Brand bundle injection
illustration prompt =
[SUBJECT + SCENE from brief]
+ [style anchor: "in the style of the provided reference images"]
+ [palette: exact hex list from brand]
+ [do_not list as positive anchors: "flat matte surfaces" not "no glossy plastic"]
+ [typography reminder: "no text, no labels"]
+ [technical constraints: aspect, resolution, composition]
+ reference_images[]: [style_ref_01.png, style_ref_02.png, (prior approved illustration).png]
+ LoRA handle / style_id / --sref
Prompt scaffold
An illustration of [SUBJECT: concrete noun phrase] in a [SCENE: clear action/context].
Composition: [centered | rule-of-thirds | off-center-left]. Subject occupies ~60% of frame.
Style: in the style of the provided reference images. Flat vector with soft gradients.
Line weight consistent with references.
Palette strictly limited to: [#hex, #hex, #hex, #hex, #hex].
Materials: matte surfaces, soft ambient lighting, no rim lights, no lens flare.

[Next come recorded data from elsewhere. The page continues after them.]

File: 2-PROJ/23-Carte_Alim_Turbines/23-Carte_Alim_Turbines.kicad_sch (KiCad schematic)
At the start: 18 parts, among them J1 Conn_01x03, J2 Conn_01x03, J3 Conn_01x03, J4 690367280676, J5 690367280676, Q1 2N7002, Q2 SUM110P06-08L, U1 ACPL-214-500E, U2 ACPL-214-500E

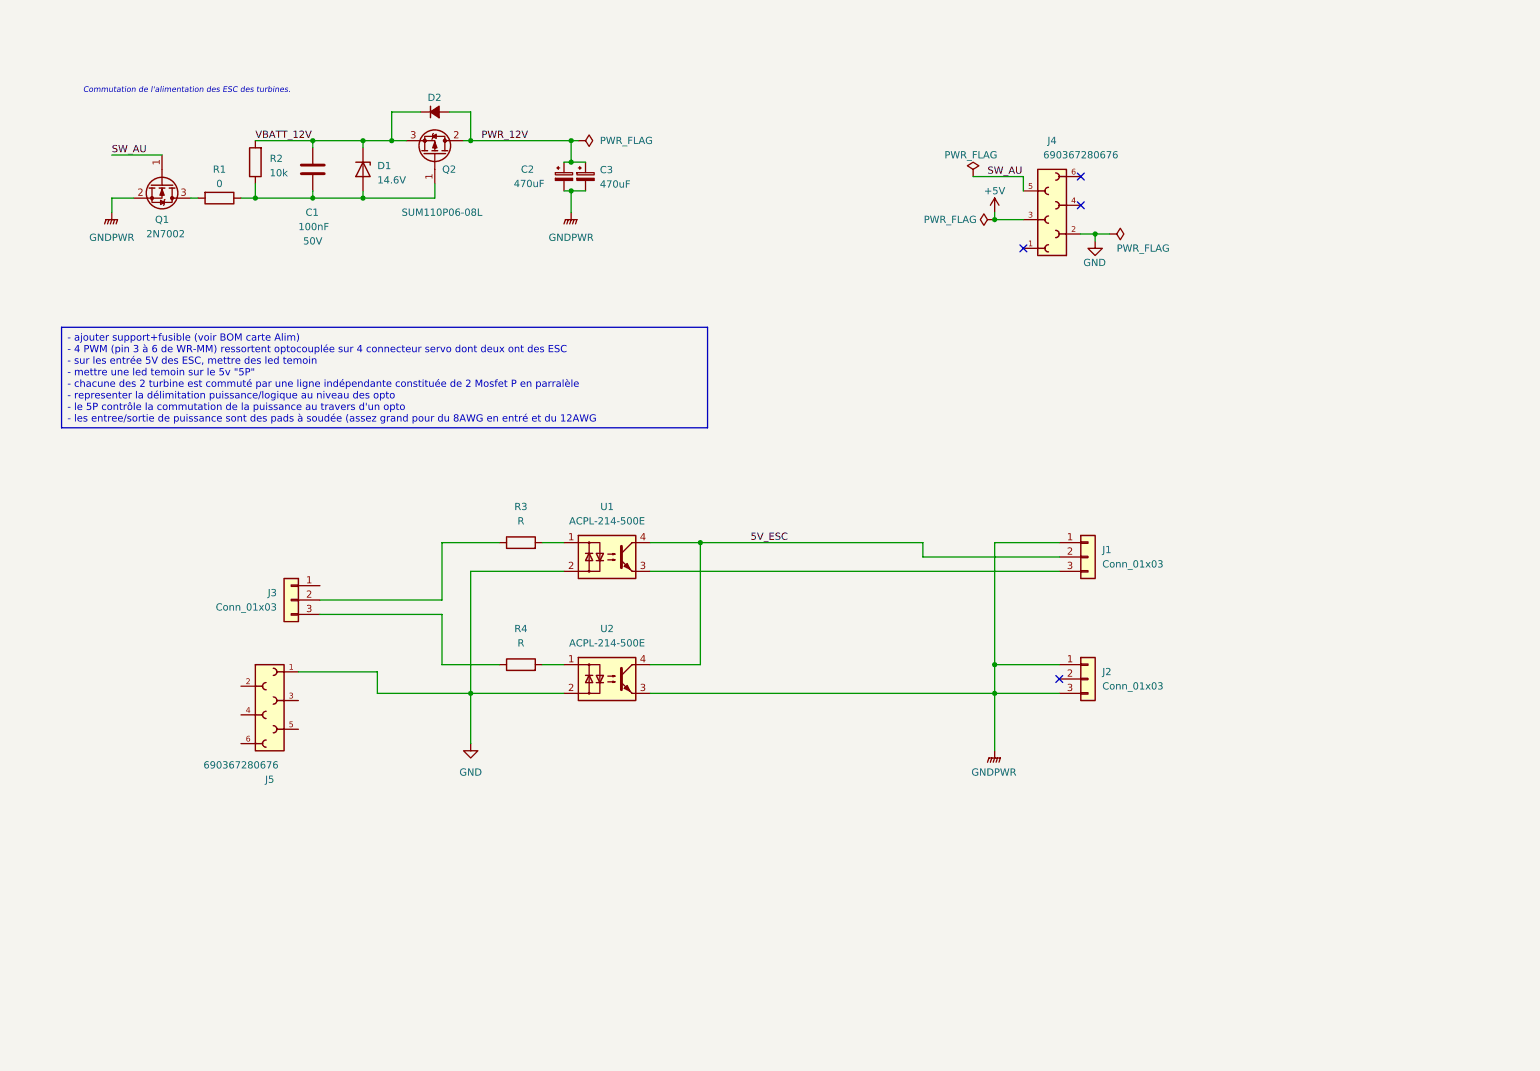
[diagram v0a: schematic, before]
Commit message: Carte Alim Turbines - Schema et Placement
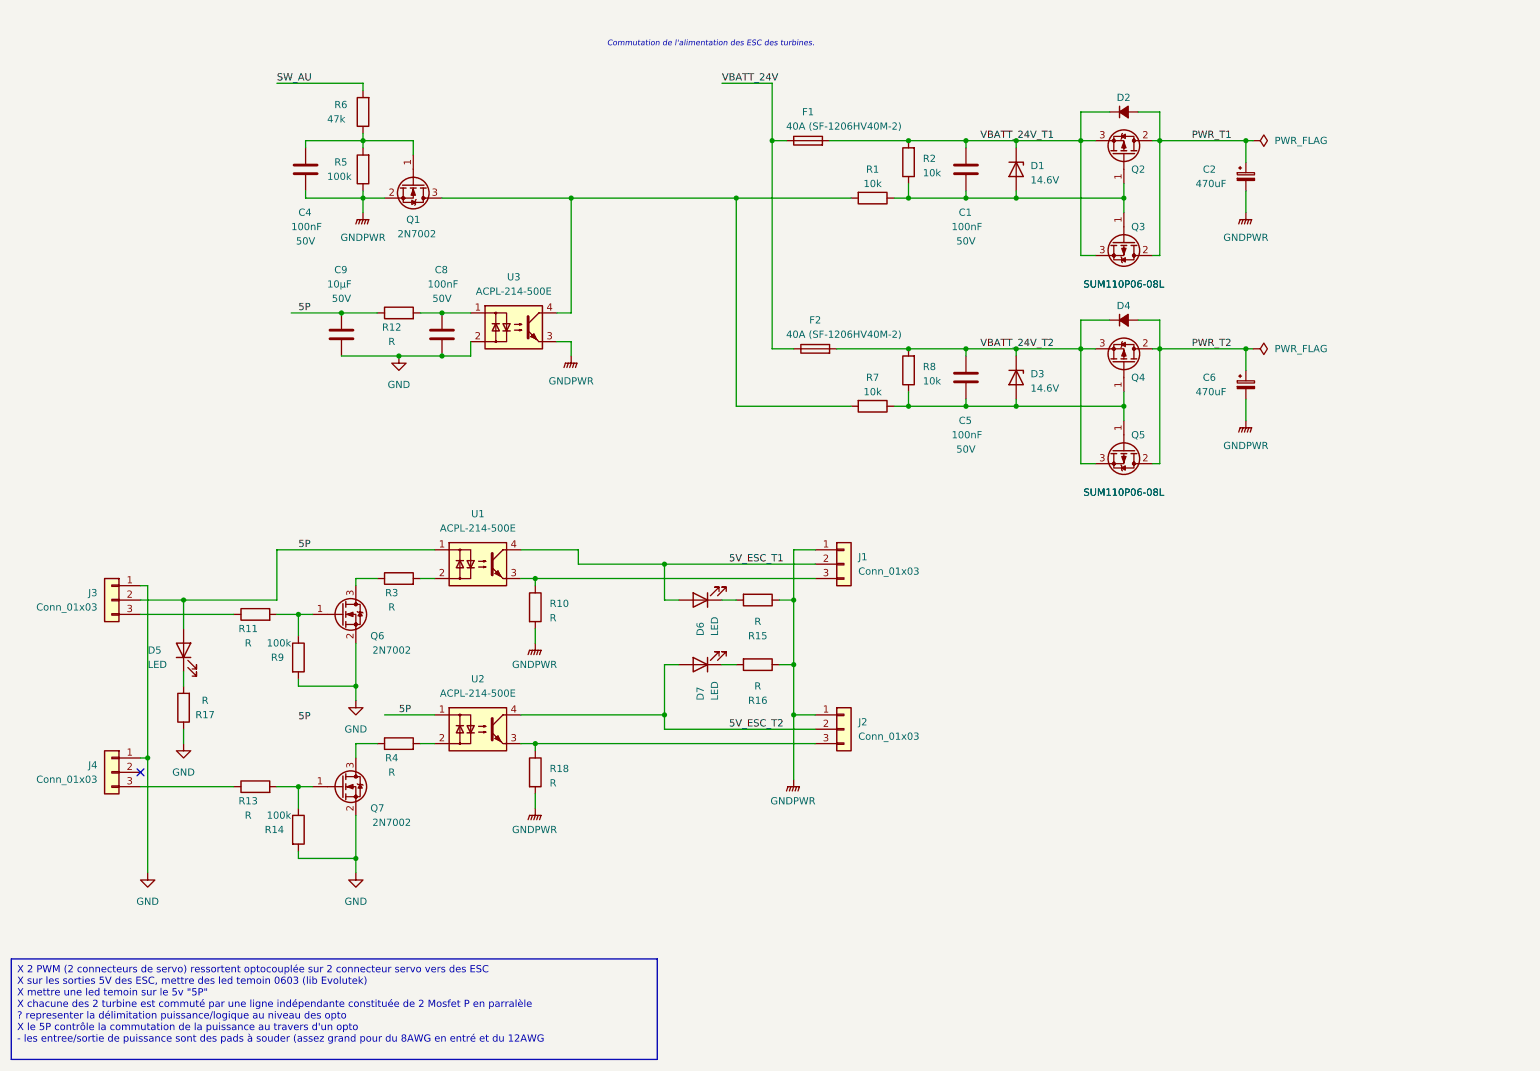
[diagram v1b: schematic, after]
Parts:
- removed C3: 470uF, Capacitor_THT:C_Radial_D8.0mm_H11.5mm_P3.50mm, symbol Device:C_Polarized_Small
- removed J4, J5: 690367280676, ConnectorsEvo:690367280676, symbol ConnectorsEvo:690367280676
- added C4, C5, C8: 100nF, Capacitor_SMD:C_0603_1608Metric, symbol Device:C
- added C6: 470uF, Capacitor_THT:C_Radial_D8.0mm_H11.5mm_P3.50mm, symbol Device:C_Polarized_Small
- added C9: 10µF, Capacitor_SMD:C_0603_1608Metric, symbol Device:C
- added D3: 14.6V, Diode_SMD:D_SOD-323, symbol Device:D_Zener
- added D4: ~, ComponentsEvo:DO-214AB, symbol Device:D_Small_Filled
- added D5, D6, D7: LED, LED_SMD:LED_0603_1608Metric, symbol Device:LED
- added F1, F2: 40A (SF-1206HV40M-2), Fuse:Fuse_1206_3216Metric, symbol Device:Fuse
- added J4: Conn_01x03, Connector_PinHeader_2.54mm:PinHeader_1x03_P2.54mm_Horizontal, symbol Connector_Generic:Conn_01x03
- added Q3, Q4, Q5: SUM110P06-08L, Package_TO_SOT_SMD:TO-263-2, symbol Transistor_FET:QM6015D
- added Q6, Q7: 2N7002, Package_TO_SOT_SMD:SOT-23, symbol Transistor_FET:2N7002
- added R10, R11, R12, R13, R15, R16, R17, R18: R, Resistor_SMD:R_0603_1608Metric, symbol Device:R
- added R14, R5, R9: 100k, Resistor_SMD:R_0603_1608Metric, symbol Device:R
- added R6: 47k, Resistor_SMD:R_0603_1608Metric, symbol Device:R
- added R7, R8: 10k, Resistor_SMD:R_0603_1608Metric, symbol Device:R
- added U3: ACPL-214-500E, Package_SO:SOP-4_4.4x2.6mm_P1.27mm, symbol Isolator:ACPL-214-500E
- J2: footprint (none) -> Connector_PinHeader_2.54mm:PinHeader_1x03_P2.54mm_Horizontal
- R1: value 0 -> 10k
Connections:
- net GND: now also J3.1 (Pin_1), C8.2, C9.2, J4.1 (Pin_1), Q6.2 (S), Q7.2 (S), R14.2, R17.1, R9.2, U3.2; no longer U1.2, U2.2
- net GNDPWR: now also C4.2, C6.2, R10.2, R15.1, R16.1, R18.2, R5.1, U3.3; no longer J2.3 (Pin_3), U2.3
- net SW_AU: now also R6.2; no longer Q1.1 (G)
- net at R4.2: now also U2.2; no longer U2.1
- net at Q1.3 (D), R1.2: now also R7.2, U3.4
- net at R4.1: now also Q7.3 (D); no longer J3.3 (Pin_3)
- net at C1.2, D1.2 (A), Q2.1 (G)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: now also Q3.1 (G)
- net at R3.1: now also Q6.3 (D); no longer J3.2 (Pin_2)
- net at R3.2: now also U1.2; no longer U1.1
- net 5V_ESC_T2: now reaches J2.2 (Pin_2)
- net 5V_ESC_T2: now also U2.4, D7.2 (A)
- net at J1.3 (Pin_3), U1.3: now also R10.1
- net 5V_ESC renamed 5V_ESC_T1
- net 5V_ESC_T1: now also D6.2 (A); no longer U2.4
- net PWR_12V renamed PWR_T1
- net PWR_T1: now also Q3.2 (D)
- net VBATT_12V renamed VBATT_24V_T1
- net VBATT_24V_T1: now also F1.2, Q3.3 (S)
- new net: C4.1, Q1.1 (G), R5.2, R6.1
- new net: J2.3 (Pin_3), R18.1, U2.3
- new net: C5.2, D3.2 (A), Q4.1 (G), Q5.1 (G), R7.1, R8.1
- new net: Q6.1 (G), R11.2, R9.1
- new net: D5.1 (K), R17.2
- new net: Q7.1 (G), R13.2, R14.1
- new net: J4.3 (Pin_3), R13.1
- new net: D7.1 (K), R16.2
- new net: J3.3 (Pin_3), R11.1
- new net: C8.1, R12.2, U3.1
- new net: D6.1 (K), R15.2
- new net 5P: C9.1, D5.2 (A), J3.2 (Pin_2), R12.1, U1.1, U2.1
- new net PWR_T2: C6.1, D4.2 (A), Q4.2 (D), Q5.2 (D)
- new net VBATT_24V: F1.1, F2.1
- new net VBATT_24V_T2: C5.1, D3.1 (K), D4.1 (K), F2.2, Q4.3 (S), Q5.3 (S), R8.2
- no-connect marks 4 -> 1
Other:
- moved on the sheet: C1, C2, D1, D2, J1, J3, Q1, Q2, R1, R2, R3, R4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

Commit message: Work in progress
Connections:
- net 5P: now also U1.2; no longer U1.1
- net at R3.2: now also U1.1; no longer U1.2
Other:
- moved on the sheet: R3
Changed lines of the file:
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@@
     (stroke (width 0) (type default))
   )
-  (wire (pts (xy 60.96 106.68) (xy 88.9 106.68))
+  (wire (pts (xy 210.82 78.74) (xy 210.82 81.28))
     (stroke (width 0) (type default))
   )
-  (wire (pts (xy 210.82 78.74) (xy 210.82 81.28))
+  (wire (pts (xy 86.36 106.68) (xy 88.9 106.68))
     (stroke (width 0) (type default))
   )
@@
     (stroke (width 0) (type default))
   )
-  (wire (pts (xy 78.74 111.76) (xy 74.93 111.76))
+  (wire (pts (xy 78.74 106.68) (xy 74.93 106.68))
     (stroke (width 0) (type default))
   )
@@
     (stroke (width 0) (type default))
   )
+  (wire (pts (xy 60.96 111.76) (xy 88.9 111.76))
+    (stroke (width 0) (type default))
+  )
   (wire (pts (xy 152.4 135.89) (xy 156.21 135.89))
     (stroke (width 0) (type default))
@@
     (stroke (width 0) (type default))
   )
-  (wire (pts (xy 60.96 115.57) (xy 60.96 106.68))
+  (wire (pts (xy 60.96 115.57) (xy 60.96 111.76))
     (stroke (width 0) (type default))
   )
@@
     (stroke (width 0) (type default))
   )
-  (wire (pts (xy 74.93 111.76) (xy 74.93 113.03))
+  (wire (pts (xy 74.93 106.68) (xy 74.93 113.03))
     (stroke (width 0) (type default))
   )
@@
     (stroke (width 0) (type default))
   )
-  (wire (pts (xy 86.36 111.76) (xy 88.9 111.76))
-    (stroke (width 0) (type default))
-  )
   (wire (pts (xy 64.77 118.11) (xy 64.77 121.92))
     (stroke (width 0) (type default))
@@
     (effects (font (size 1.27 1.27)) (justify left bottom))
   )
-  (label "5P" (at 64.77 106.68 0) (fields_autoplaced)
+  (label "5P" (at 52.07 115.57 0) (fields_autoplaced)
     (effects (font (size 1.27 1.27)) (justify left bottom))
   )
@@
     )
   )
-  (symbol (lib_id "Device:R") (at 82.55 111.76 90) (unit 1)
+  (symbol (lib_id "Device:R") (at 82.55 106.68 90) (unit 1)
     (in_bom yes) (on_board yes) (dnp no)
-    (property "Reference" "R3" (at 81.28 114.3 90)
+    (property "Reference" "R3" (at 81.28 109.22 90)
       (effects (font (size 1.27 1.27)))
     )
-    (property "Value" "R" (at 81.28 116.84 90)
+    (property "Value" "R" (at 81.28 111.76 90)
       (effects (font (size 1.27 1.27)))
     )
-    (property "Footprint" "Resistor_SMD:R_0603_1608Metric" (at 82.55 113.538 90)
+    (property "Footprint" "Resistor_SMD:R_0603_1608Metric" (at 82.55 108.458 90)
       (effects (font (size 1.27 1.27)) hide)
     )
-    (property "Datasheet" "~" (at 82.55 111.76 0)
+    (property "Datasheet" "~" (at 82.55 106.68 0)
       (effects (font (size 1.27 1.27)) hide)
     )

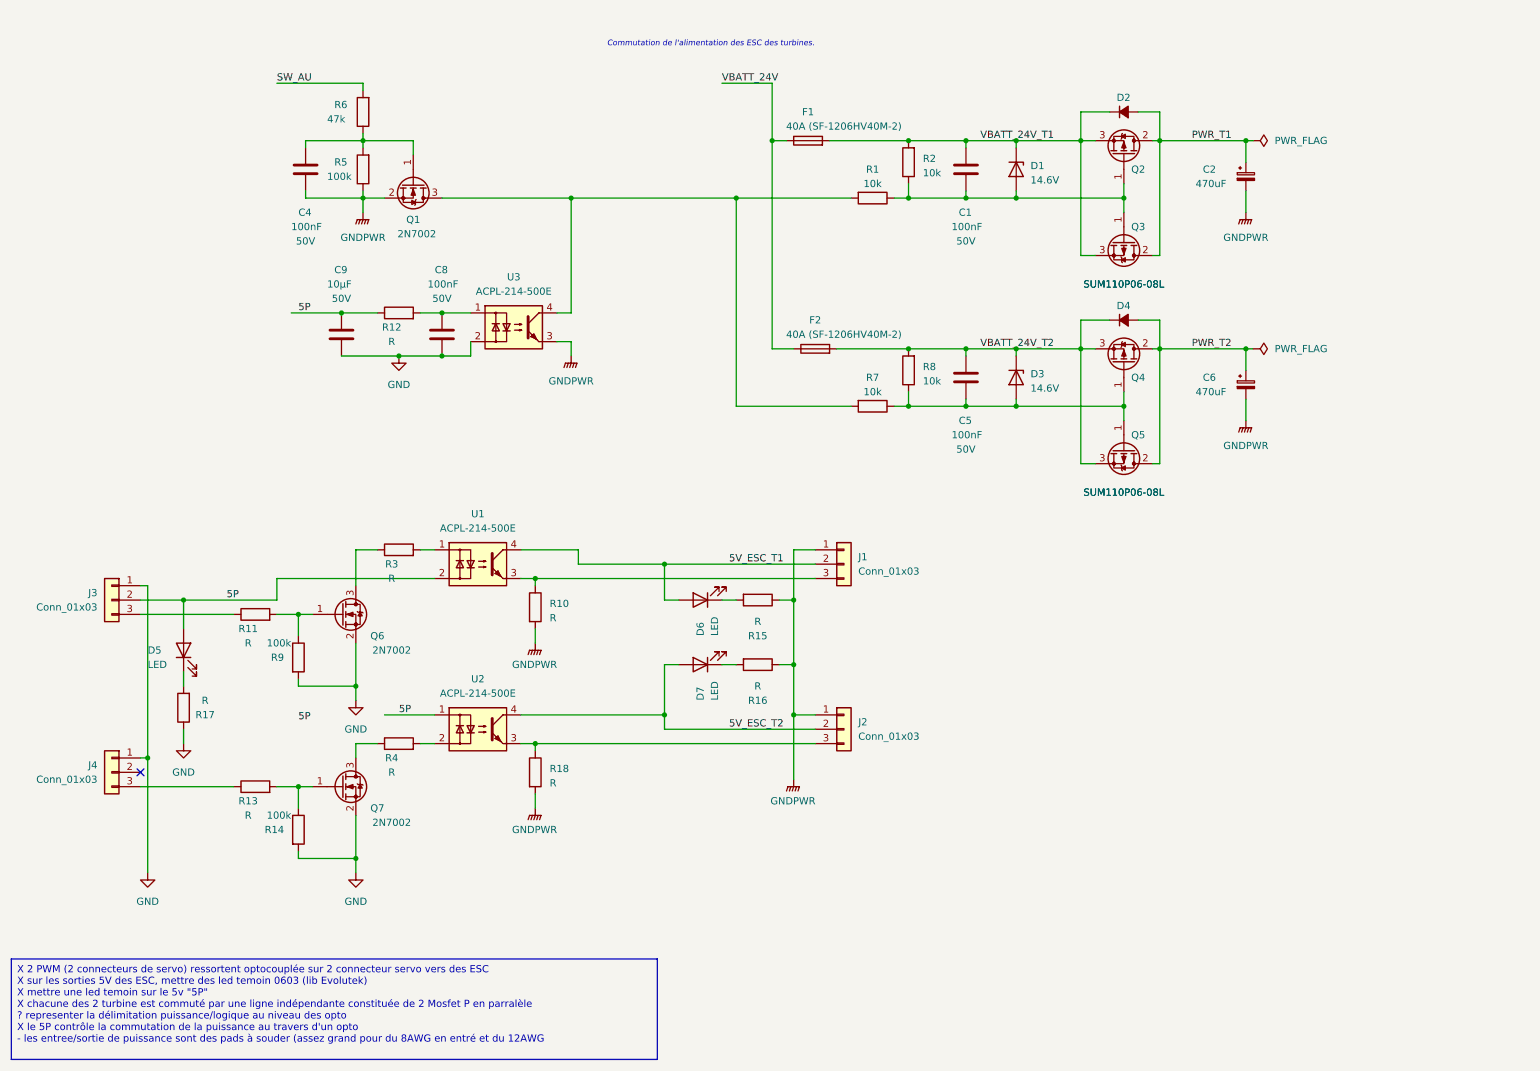
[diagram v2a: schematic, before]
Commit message: fin routage Carte Turbine
et ajout doc Kicad
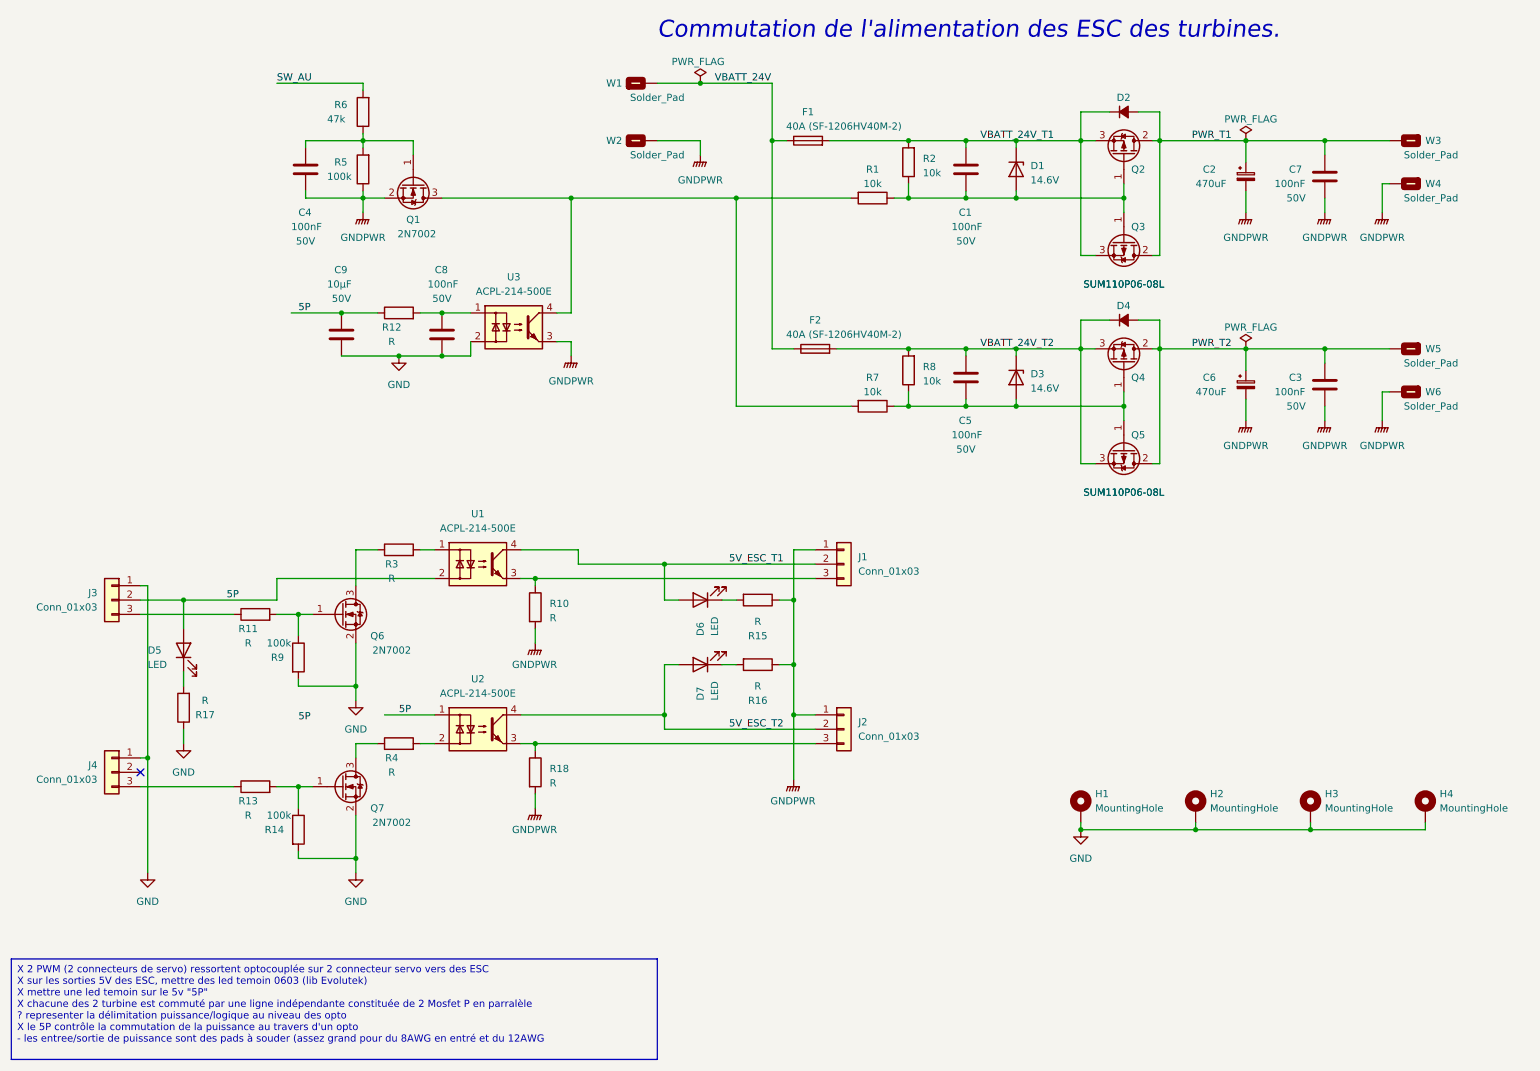
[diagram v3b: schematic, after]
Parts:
- added C3, C7: 100nF, Capacitor_SMD:C_0603_1608Metric, symbol Device:C
- added H1, H2, H3, H4: MountingHole, MountingHole:MountingHole_3.2mm_M3_Pad_Via, symbol Mechanical:MountingHole_Pad
- added W1, W2, W3, W4, W5, W6: Solder_Pad, ConnectorsEvo:WireSolder_Pad_5.0x5.0mm, symbol Mechanical:MountingHole_Pad
- Q2, Q3, Q4, Q5: footprint Package_TO_SOT_SMD:TO-263-2 -> ComponentsEvo:TO-263-2_Goldorak
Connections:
- net GND: now also H1.1, H2.1, H3.1, H4.1
- net GNDPWR: now also C3.2, C7.2, W2.1, W4.1, W6.1
- net PWR_T1: now also C7.1, W3.1
- net PWR_T2: now also C3.1, W5.1
- net VBATT_24V: now also W1.1

No text, no labels, no UI elements.
[aspect ratio]. 2048x1280 resolution.
Drop quality modifiers on Flux (no masterpiece, 8k — hurts adherence). Keep them on SD.
Post-processing
- Background removal only if asset is spot art (use BiRefNet for soft edges).
- Palette validation: K-means 8-color in LAB, ΔE2000 against brand palette, regenerate if max ΔE > 10.
- Composition validation: VLM rubric check against style references.
- Resize to target sizes (sharp premultiplied-alpha resize).
Full-set propagation
Workflow for generating N illustrations:
- Generate illustration #1 with the brand bundle and the brief.
- Human gates: accept / regenerate / tweak.
- On accept: add illustration #1 to the style reference set.
- Subsequent illustrations pull the whole augmented reference set → style locks progressively tighter.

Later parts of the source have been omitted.